(i) To find the velocity immediately before the particle hits the wall at \(t = 60\), substitute \(t = 60\) into \(v = 0.05t - 0.0005t^2\):

\(v = 0.05(60) - 0.0005(60)^2 = 3 - 1.8 = 1.2 \text{ ms}^{-1}\).

Immediately after hitting the wall, the velocity is given as \(-1 \text{ ms}^{-1}\).

(ii) The total distance travelled is the sum of the distances from \(O\) to the wall \(W\) and from \(W\) to \(A\).

Distance \(OW = \int_{0}^{60} (0.05t - 0.0005t^2) \, dt = \left[ 0.025t^2 - 0.0005 \frac{t^3}{3} \right]_{0}^{60} = 54 \text{ m}\).

Distance \(WA = \int_{60}^{100} (0.025t - 2.5) \, dt = \left[ 0.0125t^2 - 2.5t \right]_{60}^{100} = 20 \text{ m}\).

Total distance = \(54 + 20 = 74 \text{ m}\).

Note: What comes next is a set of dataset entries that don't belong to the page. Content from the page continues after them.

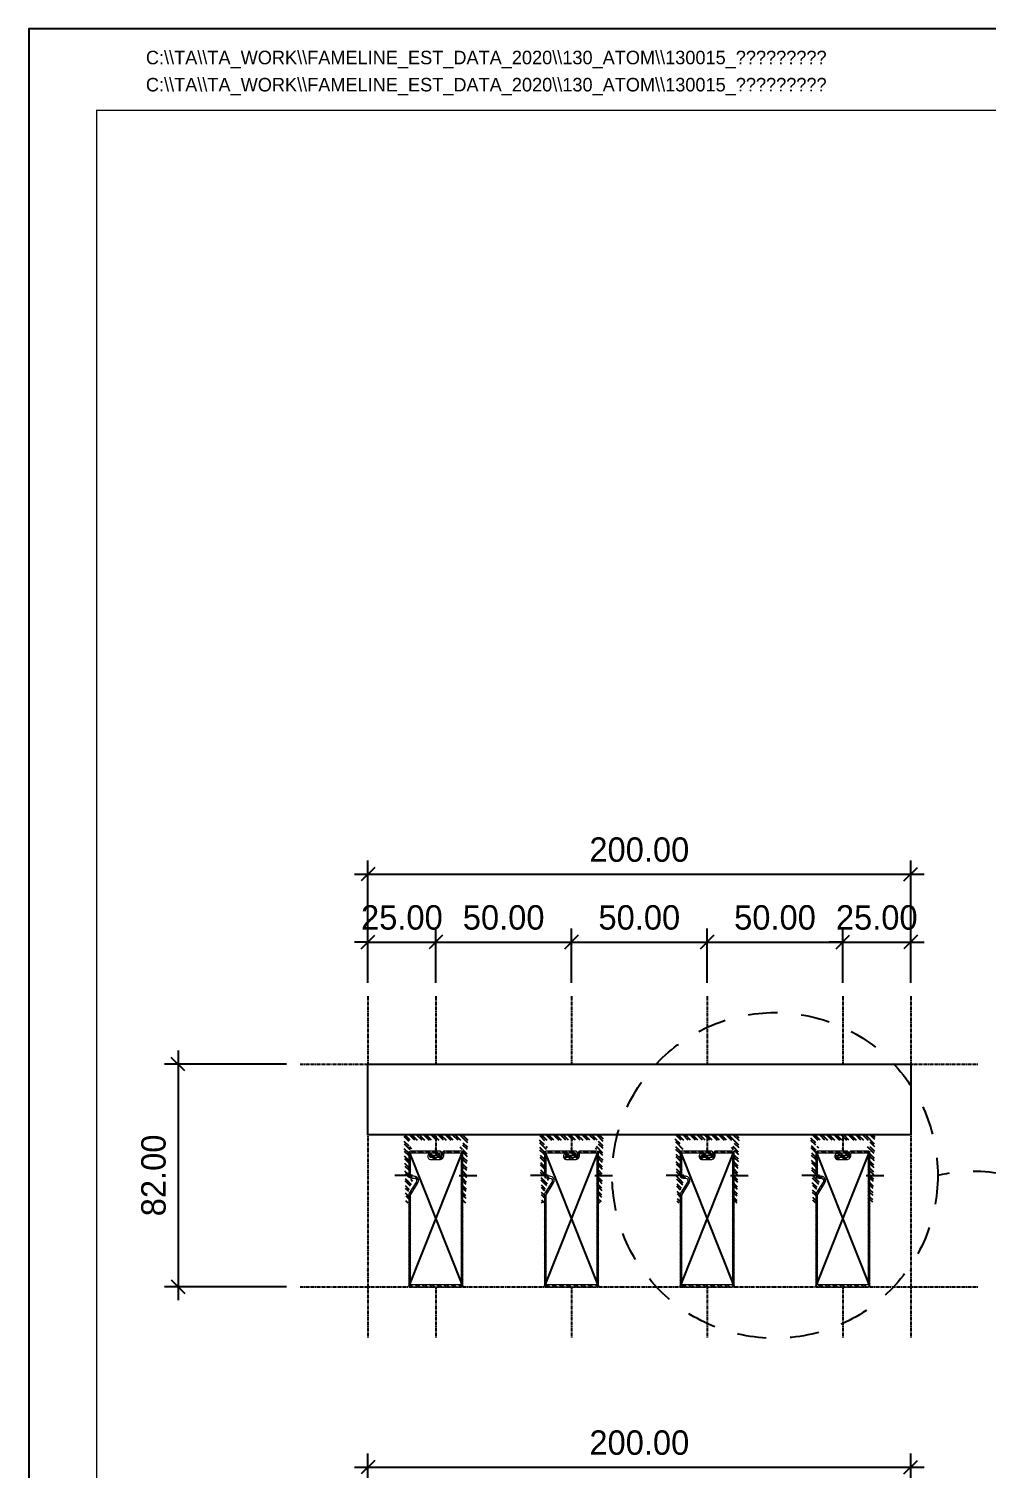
# Model space of a CAD drawing. Header units: millimetres. Extents: x -244126 to 368105, y -173968 to 259060.
# Drawn here: x 159236 to 159588, y 256828 to 257358 of the extents above; entities that cross this region are included whole.
import ezdxf
from ezdxf.enums import TextEntityAlignment as Align

# ---------------------------------------------------------------- set-up
doc = ezdxf.new("R2010")
doc.units = ezdxf.units.MM
doc.header["$MEASUREMENT"] = 0
for name, pattern in [('005_GG_TA_LINE', [13.75, 5, -1.25, 1.25, -1.25, 5]), ('ACAD_ISO04W100', [30, 24, -3, 0, -3]), ('CENTER', [2, 1.25, -0.25, 0.25, -0.25]), ('SLD-Solid', [0]), ('TA_HL_003.00000', [19.5, 10.65, -8.85])]:
    doc.linetypes.add(name, pattern=pattern)
for name, color, linetype in [('000 - D I M', 6, 'Continuous'), ('000 - GRID', 8, 'CENTER'), ('000 - H A T C H', 8, 'Continuous'), ('000 - L I N E 0.1', 1, 'Continuous'), ('000 - SYMBOL CON', 1, 'Continuous'), ('000 - T E X T', 4, 'Continuous'), ('000 - TITLEBLOCK', 4, 'Continuous'), ('000 - WIPEOUT', 250, 'Continuous'), ('001 - ASCESSORIES', 1, 'Continuous'), ('002 - STRUCTURAL STEEL', 4, 'Continuous'), ('A02_LITEWOOD', 7, 'Continuous'), ('A04_TUBE SERIES', 7, 'Continuous')]:
    doc.layers.add(name, color=color, linetype=linetype)
doc.styles.add('Cetury Gothic', font='GOTHIC.TTF')
doc.styles.add('CORDIA', font='cordia.shx')
doc.styles.add('TA', font='Cordia New.ttf', dxfattribs={"height": 4.5})
doc.dimstyles.new('DIM E-E', dxfattribs={"dimscale": 2, "dimtxt": 0.18, "dimasz": 0.1, "dimexe": 0.1, "dimexo": 0.1, "dimgap": 0.09, "dimtad": 1, "dimtoh": 1, "dimzin": 0, "dimdsep": 46, "dimtxsty": 'CORDIA', "dimblk": 'OBLIQUE', "dimcen": 0.1, "dimdle": 0.1, "dimclrd": 40, "dimclre": 140, "dimclrt": 3, "dimadec": 0, "dimazin": 0, "dimtfac": 1, "dimtix": 1, "dimtmove": 2, "dimatfit": 3, "dimfxl": 1, "dimtolj": 1, "dimtzin": 0, "dimarcsym": 0})

# ---------------------------------------------------------------- blocks, each defined once
blk = doc.blocks.new('A$Cfd196da9')
at = {"color": 0, "linetype": 'ByBlock', "const_width": 0.1}
blk.add_lwpolyline([(-143.5, -98), (96.5, -98), (96.5, 99), (-143.5, 99)], close=True, dxfattribs=at)
blk = doc.blocks.new('*U1676')
at = {"linetype": '005_GG_TA_LINE'}
blk.add_point((125, 592.5), dxfattribs=at)
at = {"layer": '000 - L I N E 0.1', "color": 21, "linetype": 'Continuous'}
blk.add_lwpolyline([(35.6, 1050), (0, 1050), (0, 1014.4)], dxfattribs=at)
at = {"layer": '000 - TITLEBLOCK', "color": 250}
blk.add_lwpolyline([(0, 0), (1485, 0), (1485, 1050), (0, 1050)], close=True, dxfattribs=at)
at = {"layer": '000 - T E X T', "color": 3, "xscale": 5, "yscale": 5, "zscale": 5}
blk.add_blockref('A$Cfd196da9', (742.5, 525), dxfattribs=at)
at = {"color": 4, "style": 'TA'}
blk.add_attdef('PAPER_SIZE', text='', height=6.25, dxfattribs=at).set_placement((1421.5, 24.94), align=Align.MIDDLE_RIGHT)
blk.add_attdef('SCALE_SIZE', text='', height=6.25, dxfattribs=at).set_placement((1433.78, 25.07), align=Align.MIDDLE_LEFT)
at = {"layer": '000 - T E X T', "color": 250, "style": 'TA'}
for tag, height, p in [('SUPERLINK', 5, (43.16, 1039.41)), ('NAMEFILE', 5, (43.16, 1029.41)), ('SC', 100, (8.41, 938.03))]:
    blk.add_attdef(tag, text='', height=height, dxfattribs=at).set_placement(p, align=Align.MIDDLE_LEFT)
at = {"layer": '000 - T E X T', "color": 4, "style": 'TA'}
for tag, height, p in [('NAME_JOB_1', 5, (1309.16, 845.63)), ('NAME_JOB_2', 5, (1309.16, 834.72)), ('NAME_PROJECT_1', 7.5, (1234.52, 797.42)), ('NAME_PROJECT_2', 7.5, (1234.52, 778.92)), ('NAME_PROJECT_3', 7.5, (1234.52, 760.42)), ('CODE_VALUE_1', 4.75, (1302.87, 722.8)), ('CODE_VALUE_2', 4.75, (1302.87, 707.8)), ('PART_NAME_VALUE_1', 4.75, (1302.87, 689.69)), ('PART_NAME_VALUE_2', 4.75, (1302.87, 674.69)), ('PART_NAME_VALUE_3', 4.75, (1302.87, 659.69)), ('MATTERIAL_VALUE_1', 9, (1304.89, 642.26)), ('SPEC_VALUE', 9, (1304.89, 621.71)), ('THICKNESS_VALUE', 9, (1304.89, 601.32)), ('COATING_VALUE_1', 9, (1304.89, 581.25)), ('COATING_VALUE_2', 9, (1304.89, 561.18)), ('NAME_TITLE_1', 6, (1236.27, 194.04)), ('NAME_TITLE_2', 6, (1236.27, 177.39)), ('NAME_TITLE_3', 6, (1236.27, 160.74)), ('DRAWING_NO1', 6, (1236.53, 82.29)), ('DRAWING_NO2', 6, (1236.53, 62.29))]:
    blk.add_attdef(tag, text='', height=height, dxfattribs=at).set_placement(p, align=Align.MIDDLE_LEFT)
for tag, p in [('NAME_DAFT', (1383.53, 340.54)), ('NAME_CHECKED', (1383.53, 306.49)), ('NAME_DESIGNER', (1383.53, 273.03)), ('NAME_DESIGN_MGR', (1383.53, 237.79))]:
    blk.add_attdef(tag, text='', height=9, dxfattribs=at).set_placement(p, align=Align.MIDDLE_CENTER)
for tag, p, height in [('REV', (1383.82, 125.62), 9.38), ('NAME_REMARK', (138.21, 43.26), 10)]:
    blk.add_attdef(tag, p, '', height=height, dxfattribs=at)
at = {"layer": '000 - T E X T', "color": 4, "style": 'Cetury Gothic'}
for tag, p in [('SHEET_NO.', (1403.95, 84.99)), ('TOTAL_SHEET_NO.', (1402.41, 44.1))]:
    blk.add_attdef(tag, text='', height=9, dxfattribs=at).set_placement(p, align=Align.CENTER)
blk = doc.blocks.new('_Oblique')
at = {"color": 0, "linetype": 'ByBlock', "lineweight": -2}
blk.add_line((-0.5, -0.5), (0.5, 0.5), dxfattribs=at)
blk = doc.blocks.new('*D4780')
at = {"layer": '000 - D I M', "color": 140, "linetype": 'ACAD_ISO04W100', "lineweight": -2, "ltscale": 300, "transparency": 16777216}
for p, q in [((159360.65, 256788.38), (159360.65, 256833.38)), ((159560.65, 256788.38), (159560.65, 256833.38))]:
    blk.add_line(p, q, dxfattribs=at)
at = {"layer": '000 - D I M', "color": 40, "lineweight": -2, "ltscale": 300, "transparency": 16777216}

(iii) To find the maximum speed, consider the velocity function \(v = 0.05t - 0.0005t^2\) for \(0 \leq t < 60\). Differentiate to find the critical points:

\(\frac{dv}{dt} = 0.05 - 0.001t = 0 \Rightarrow t = 50\).

Substitute \(t = 50\) into the velocity equation:

\(v = 0.05(50) - 0.0005(50)^2 = 1.25 \text{ ms}^{-1}\).

The maximum speed is \(1.25 \text{ ms}^{-1}\) at \(t = 50\).

The velocity-time graph is a quadratic curve from \((0,0)\) to \((60,1.2)\) with a maximum at \((50,1.25)\), followed by a straight line from \((60,-1)\) to \((100,0)\).